Recorded data
---*---

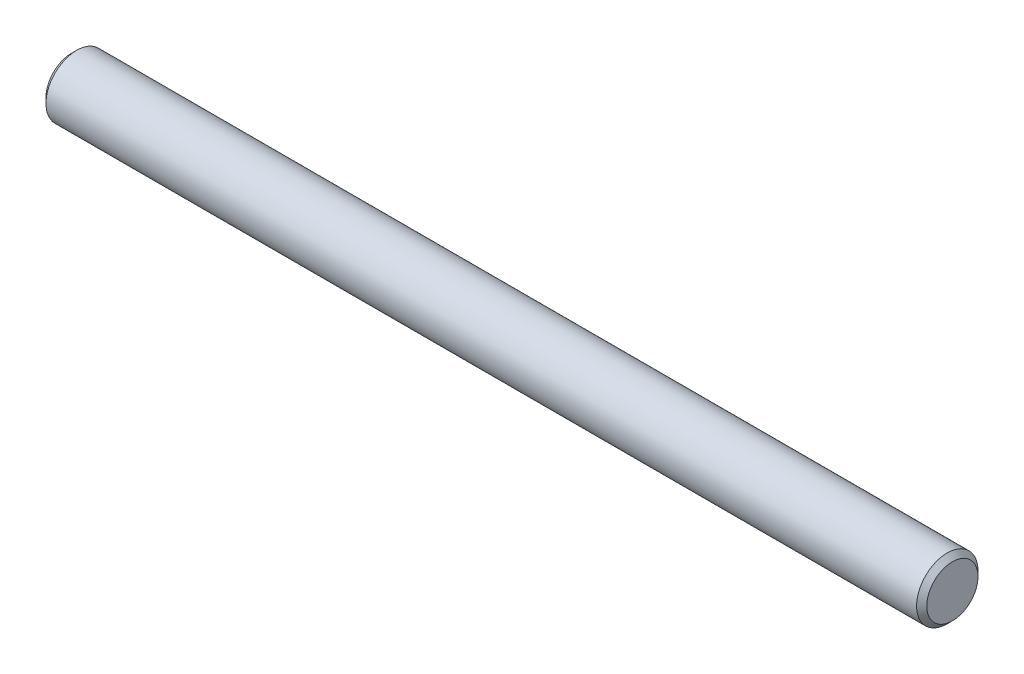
ISO-10303-21;
HEADER;
FILE_DESCRIPTION(('STEP AP214'),'2;1');
FILE_NAME('part.step','',(''),(''),'','','');
FILE_SCHEMA(('AUTOMOTIVE_DESIGN { 1 0 10303 214 1 1 1 1 }'));
ENDSEC;
DATA;
#1=APPLICATION_CONTEXT('core data for automotive mechanical design processes');
#2=APPLICATION_PROTOCOL_DEFINITION('international standard','automotive_design',2000,#1);
#3=PRODUCT_CONTEXT('',#1,'mechanical');
#4=PRODUCT('Part','Part','',(#3));
#5=PRODUCT_RELATED_PRODUCT_CATEGORY('part','',(#4));
#6=PRODUCT_DEFINITION_FORMATION('','',#4);
#7=PRODUCT_DEFINITION_CONTEXT('part definition',#1,'design');
#8=PRODUCT_DEFINITION('design','',#6,#7);
#9=PRODUCT_DEFINITION_SHAPE('','',#8);
#10=(LENGTH_UNIT() NAMED_UNIT(*) SI_UNIT(.MILLI.,.METRE.));
#11=(NAMED_UNIT(*) PLANE_ANGLE_UNIT() SI_UNIT($,.RADIAN.));
#12=(NAMED_UNIT(*) SI_UNIT($,.STERADIAN.) SOLID_ANGLE_UNIT());
#13=UNCERTAINTY_MEASURE_WITH_UNIT(LENGTH_MEASURE(1.E-05),#10,'distance_accuracy_value','');
#14=(GEOMETRIC_REPRESENTATION_CONTEXT(3) GLOBAL_UNCERTAINTY_ASSIGNED_CONTEXT((#13)) GLOBAL_UNIT_ASSIGNED_CONTEXT((#10,
#11,#12)) REPRESENTATION_CONTEXT('',''));
#15=CARTESIAN_POINT('',(0.,0.,0.));
#16=DIRECTION('',(0.,0.,1.));
#17=DIRECTION('',(1.,0.,0.));
#18=AXIS2_PLACEMENT_3D('',#15,#16,#17);
#19=CARTESIAN_POINT('',(172.,0.,0.));
#20=DIRECTION('',(-1.,0.,0.));
#21=DIRECTION('',(0.,0.,1.));
#22=AXIS2_PLACEMENT_3D('',#19,#20,#21);
#23=CYLINDRICAL_SURFACE('',#22,6.);
#24=CARTESIAN_POINT('',(171.,0.,0.));
#25=DIRECTION('',(1.,0.,0.));
#26=DIRECTION('',(0.,0.,-1.));
#27=AXIS2_PLACEMENT_3D('',#24,#25,#26);
#28=CIRCLE('',#27,6.);
#29=CARTESIAN_POINT('',(171.,0.,-6.));
#30=VERTEX_POINT('',#29);
#31=EDGE_CURVE('E352',#30,#30,#28,.F.);
#32=ORIENTED_EDGE('',*,*,#31,.T.);
#33=EDGE_LOOP('',(#32));
#34=FACE_BOUND('',#33,.T.);
#35=CARTESIAN_POINT('',(1.,0.,0.));
#36=DIRECTION('',(1.,0.,0.));
#37=DIRECTION('',(0.,0.,-1.));
#38=AXIS2_PLACEMENT_3D('',#35,#36,#37);
#39=CIRCLE('',#38,6.);
#40=CARTESIAN_POINT('',(1.,0.,-6.));
#41=VERTEX_POINT('',#40);
#42=EDGE_CURVE('E356',#41,#41,#39,.T.);
#43=ORIENTED_EDGE('',*,*,#42,.T.);
#44=EDGE_LOOP('',(#43));
#45=FACE_BOUND('',#44,.T.);
#46=ADVANCED_FACE('F346',(#34,#45),#23,.T.);
#47=CARTESIAN_POINT('',(172.,0.,0.));
#48=DIRECTION('',(1.,0.,0.));
#49=DIRECTION('',(0.,0.,-1.));
#50=AXIS2_PLACEMENT_3D('',#47,#48,#49);
#51=PLANE('',#50);
#52=CARTESIAN_POINT('',(172.,0.,0.));
#53=DIRECTION('',(1.,0.,0.));
#54=DIRECTION('',(0.,0.,-1.));
#55=AXIS2_PLACEMENT_3D('',#52,#53,#54);
#56=CIRCLE('',#55,5.);
#57=CARTESIAN_POINT('',(172.,0.,-5.));
#58=VERTEX_POINT('',#57);
#59=EDGE_CURVE('E360',#58,#58,#56,.T.);
#60=ORIENTED_EDGE('',*,*,#59,.T.);
#61=EDGE_LOOP('',(#60));
#62=FACE_BOUND('',#61,.T.);
#63=ADVANCED_FACE('F366',(#62),#51,.T.);
#64=CARTESIAN_POINT('',(0.,0.,0.));
#65=DIRECTION('',(1.,0.,0.));
#66=DIRECTION('',(0.,0.,-1.));
#67=AXIS2_PLACEMENT_3D('',#64,#65,#66);
#68=PLANE('',#67);
#69=CARTESIAN_POINT('',(0.,0.,0.));
#70=DIRECTION('',(1.,0.,0.));
#71=DIRECTION('',(0.,0.,-1.));
#72=AXIS2_PLACEMENT_3D('',#69,#70,#71);
#73=CIRCLE('',#72,4.99999999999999);
#74=CARTESIAN_POINT('',(0.,0.,-4.99999999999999));
#75=VERTEX_POINT('',#74);
#76=EDGE_CURVE('E10',#75,#75,#73,.F.);
#77=ORIENTED_EDGE('',*,*,#76,.T.);
#78=EDGE_LOOP('',(#77));
#79=FACE_BOUND('',#78,.T.);
#80=ADVANCED_FACE('F371',(#79),#68,.F.);
#81=CARTESIAN_POINT('',(172.,0.,0.));
#82=DIRECTION('',(-1.,0.,0.));
#83=DIRECTION('',(0.,0.,1.));
#84=AXIS2_PLACEMENT_3D('',#81,#82,#83);
#85=CONICAL_SURFACE('',#84,5.,0.785398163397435);
#86=ORIENTED_EDGE('',*,*,#31,.F.);
#87=EDGE_LOOP('',(#86));
#88=FACE_BOUND('',#87,.T.);
#89=ORIENTED_EDGE('',*,*,#59,.F.);
#90=EDGE_LOOP('',(#89));
#91=FACE_BOUND('',#90,.T.);
#92=ADVANCED_FACE('F368',(#88,#91),#85,.T.);
#93=CARTESIAN_POINT('',(1.,0.,0.));
#94=DIRECTION('',(1.,0.,0.));
#95=DIRECTION('',(0.,0.,-1.));
#96=AXIS2_PLACEMENT_3D('',#93,#94,#95);
#97=CONICAL_SURFACE('',#96,6.,0.785398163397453);
#98=ORIENTED_EDGE('',*,*,#76,.F.);
#99=EDGE_LOOP('',(#98));
#100=FACE_BOUND('',#99,.T.);
#101=ORIENTED_EDGE('',*,*,#42,.F.);
#102=EDGE_LOOP('',(#101));
#103=FACE_BOUND('',#102,.T.);
#104=ADVANCED_FACE('F370',(#100,#103),#97,.T.);
#105=CLOSED_SHELL('',(#46,#63,#80,#92,#104));
#106=MANIFOLD_SOLID_BREP('B2',#105);
#107=ADVANCED_BREP_SHAPE_REPRESENTATION('',(#18,#106),#14);
#108=SHAPE_DEFINITION_REPRESENTATION(#9,#107);
ENDSEC;
END-ISO-10303-21;

---*---

■ **EXERCISE INSTRUCTIONS**
From the first line to the last, give the data again exactly, but without pictures.

■ **ANSWER**
ISO-10303-21;
HEADER;
FILE_DESCRIPTION(('STEP AP214'),'2;1');
FILE_NAME('part.step','',(''),(''),'','','');
FILE_SCHEMA(('AUTOMOTIVE_DESIGN { 1 0 10303 214 1 1 1 1 }'));
ENDSEC;
DATA;
#1=APPLICATION_CONTEXT('core data for automotive mechanical design processes');
#2=APPLICATION_PROTOCOL_DEFINITION('international standard','automotive_design',2000,#1);
#3=PRODUCT_CONTEXT('',#1,'mechanical');
#4=PRODUCT('Part','Part','',(#3));
#5=PRODUCT_RELATED_PRODUCT_CATEGORY('part','',(#4));
#6=PRODUCT_DEFINITION_FORMATION('','',#4);
#7=PRODUCT_DEFINITION_CONTEXT('part definition',#1,'design');
#8=PRODUCT_DEFINITION('design','',#6,#7);
#9=PRODUCT_DEFINITION_SHAPE('','',#8);
#10=(LENGTH_UNIT() NAMED_UNIT(*) SI_UNIT(.MILLI.,.METRE.));
#11=(NAMED_UNIT(*) PLANE_ANGLE_UNIT() SI_UNIT($,.RADIAN.));
#12=(NAMED_UNIT(*) SI_UNIT($,.STERADIAN.) SOLID_ANGLE_UNIT());
#13=UNCERTAINTY_MEASURE_WITH_UNIT(LENGTH_MEASURE(1.E-05),#10,'distance_accuracy_value','');
#14=(GEOMETRIC_REPRESENTATION_CONTEXT(3) GLOBAL_UNCERTAINTY_ASSIGNED_CONTEXT((#13)) GLOBAL_UNIT_ASSIGNED_CONTEXT((#10,
#11,#12)) REPRESENTATION_CONTEXT('',''));
#15=CARTESIAN_POINT('',(0.,0.,0.));
#16=DIRECTION('',(0.,0.,1.));
#17=DIRECTION('',(1.,0.,0.));
#18=AXIS2_PLACEMENT_3D('',#15,#16,#17);
#19=CARTESIAN_POINT('',(172.,0.,0.));
#20=DIRECTION('',(-1.,0.,0.));
#21=DIRECTION('',(0.,0.,1.));
#22=AXIS2_PLACEMENT_3D('',#19,#20,#21);
#23=CYLINDRICAL_SURFACE('',#22,6.);
#24=CARTESIAN_POINT('',(171.,0.,0.));
#25=DIRECTION('',(1.,0.,0.));
#26=DIRECTION('',(0.,0.,-1.));
#27=AXIS2_PLACEMENT_3D('',#24,#25,#26);
#28=CIRCLE('',#27,6.);
#29=CARTESIAN_POINT('',(171.,0.,-6.));
#30=VERTEX_POINT('',#29);
#31=EDGE_CURVE('E352',#30,#30,#28,.F.);
#32=ORIENTED_EDGE('',*,*,#31,.T.);
#33=EDGE_LOOP('',(#32));
#34=FACE_BOUND('',#33,.T.);
#35=CARTESIAN_POINT('',(1.,0.,0.));
#36=DIRECTION('',(1.,0.,0.));
#37=DIRECTION('',(0.,0.,-1.));
#38=AXIS2_PLACEMENT_3D('',#35,#36,#37);
#39=CIRCLE('',#38,6.);
#40=CARTESIAN_POINT('',(1.,0.,-6.));
#41=VERTEX_POINT('',#40);
#42=EDGE_CURVE('E356',#41,#41,#39,.T.);
#43=ORIENTED_EDGE('',*,*,#42,.T.);
#44=EDGE_LOOP('',(#43));
#45=FACE_BOUND('',#44,.T.);
#46=ADVANCED_FACE('F346',(#34,#45),#23,.T.);
#47=CARTESIAN_POINT('',(172.,0.,0.));
#48=DIRECTION('',(1.,0.,0.));
#49=DIRECTION('',(0.,0.,-1.));
#50=AXIS2_PLACEMENT_3D('',#47,#48,#49);
#51=PLANE('',#50);
#52=CARTESIAN_POINT('',(172.,0.,0.));
#53=DIRECTION('',(1.,0.,0.));
#54=DIRECTION('',(0.,0.,-1.));
#55=AXIS2_PLACEMENT_3D('',#52,#53,#54);
#56=CIRCLE('',#55,5.);
#57=CARTESIAN_POINT('',(172.,0.,-5.));
#58=VERTEX_POINT('',#57);
#59=EDGE_CURVE('E360',#58,#58,#56,.T.);
#60=ORIENTED_EDGE('',*,*,#59,.T.);
#61=EDGE_LOOP('',(#60));
#62=FACE_BOUND('',#61,.T.);
#63=ADVANCED_FACE('F366',(#62),#51,.T.);
#64=CARTESIAN_POINT('',(0.,0.,0.));
#65=DIRECTION('',(1.,0.,0.));
#66=DIRECTION('',(0.,0.,-1.));
#67=AXIS2_PLACEMENT_3D('',#64,#65,#66);
#68=PLANE('',#67);
#69=CARTESIAN_POINT('',(0.,0.,0.));
#70=DIRECTION('',(1.,0.,0.));
#71=DIRECTION('',(0.,0.,-1.));
#72=AXIS2_PLACEMENT_3D('',#69,#70,#71);
#73=CIRCLE('',#72,4.99999999999999);
#74=CARTESIAN_POINT('',(0.,0.,-4.99999999999999));
#75=VERTEX_POINT('',#74);
#76=EDGE_CURVE('E10',#75,#75,#73,.F.);
#77=ORIENTED_EDGE('',*,*,#76,.T.);
#78=EDGE_LOOP('',(#77));
#79=FACE_BOUND('',#78,.T.);
#80=ADVANCED_FACE('F371',(#79),#68,.F.);
#81=CARTESIAN_POINT('',(172.,0.,0.));
#82=DIRECTION('',(-1.,0.,0.));
#83=DIRECTION('',(0.,0.,1.));
#84=AXIS2_PLACEMENT_3D('',#81,#82,#83);
#85=CONICAL_SURFACE('',#84,5.,0.785398163397435);
#86=ORIENTED_EDGE('',*,*,#31,.F.);
#87=EDGE_LOOP('',(#86));
#88=FACE_BOUND('',#87,.T.);
#89=ORIENTED_EDGE('',*,*,#59,.F.);
#90=EDGE_LOOP('',(#89));
#91=FACE_BOUND('',#90,.T.);
#92=ADVANCED_FACE('F368',(#88,#91),#85,.T.);
#93=CARTESIAN_POINT('',(1.,0.,0.));
#94=DIRECTION('',(1.,0.,0.));
#95=DIRECTION('',(0.,0.,-1.));
#96=AXIS2_PLACEMENT_3D('',#93,#94,#95);
#97=CONICAL_SURFACE('',#96,6.,0.785398163397453);
#98=ORIENTED_EDGE('',*,*,#76,.F.);
#99=EDGE_LOOP('',(#98));
#100=FACE_BOUND('',#99,.T.);
#101=ORIENTED_EDGE('',*,*,#42,.F.);
#102=EDGE_LOOP('',(#101));
#103=FACE_BOUND('',#102,.T.);
#104=ADVANCED_FACE('F370',(#100,#103),#97,.T.);
#105=CLOSED_SHELL('',(#46,#63,#80,#92,#104));
#106=MANIFOLD_SOLID_BREP('B2',#105);
#107=ADVANCED_BREP_SHAPE_REPRESENTATION('',(#18,#106),#14);
#108=SHAPE_DEFINITION_REPRESENTATION(#9,#107);
ENDSEC;
END-ISO-10303-21;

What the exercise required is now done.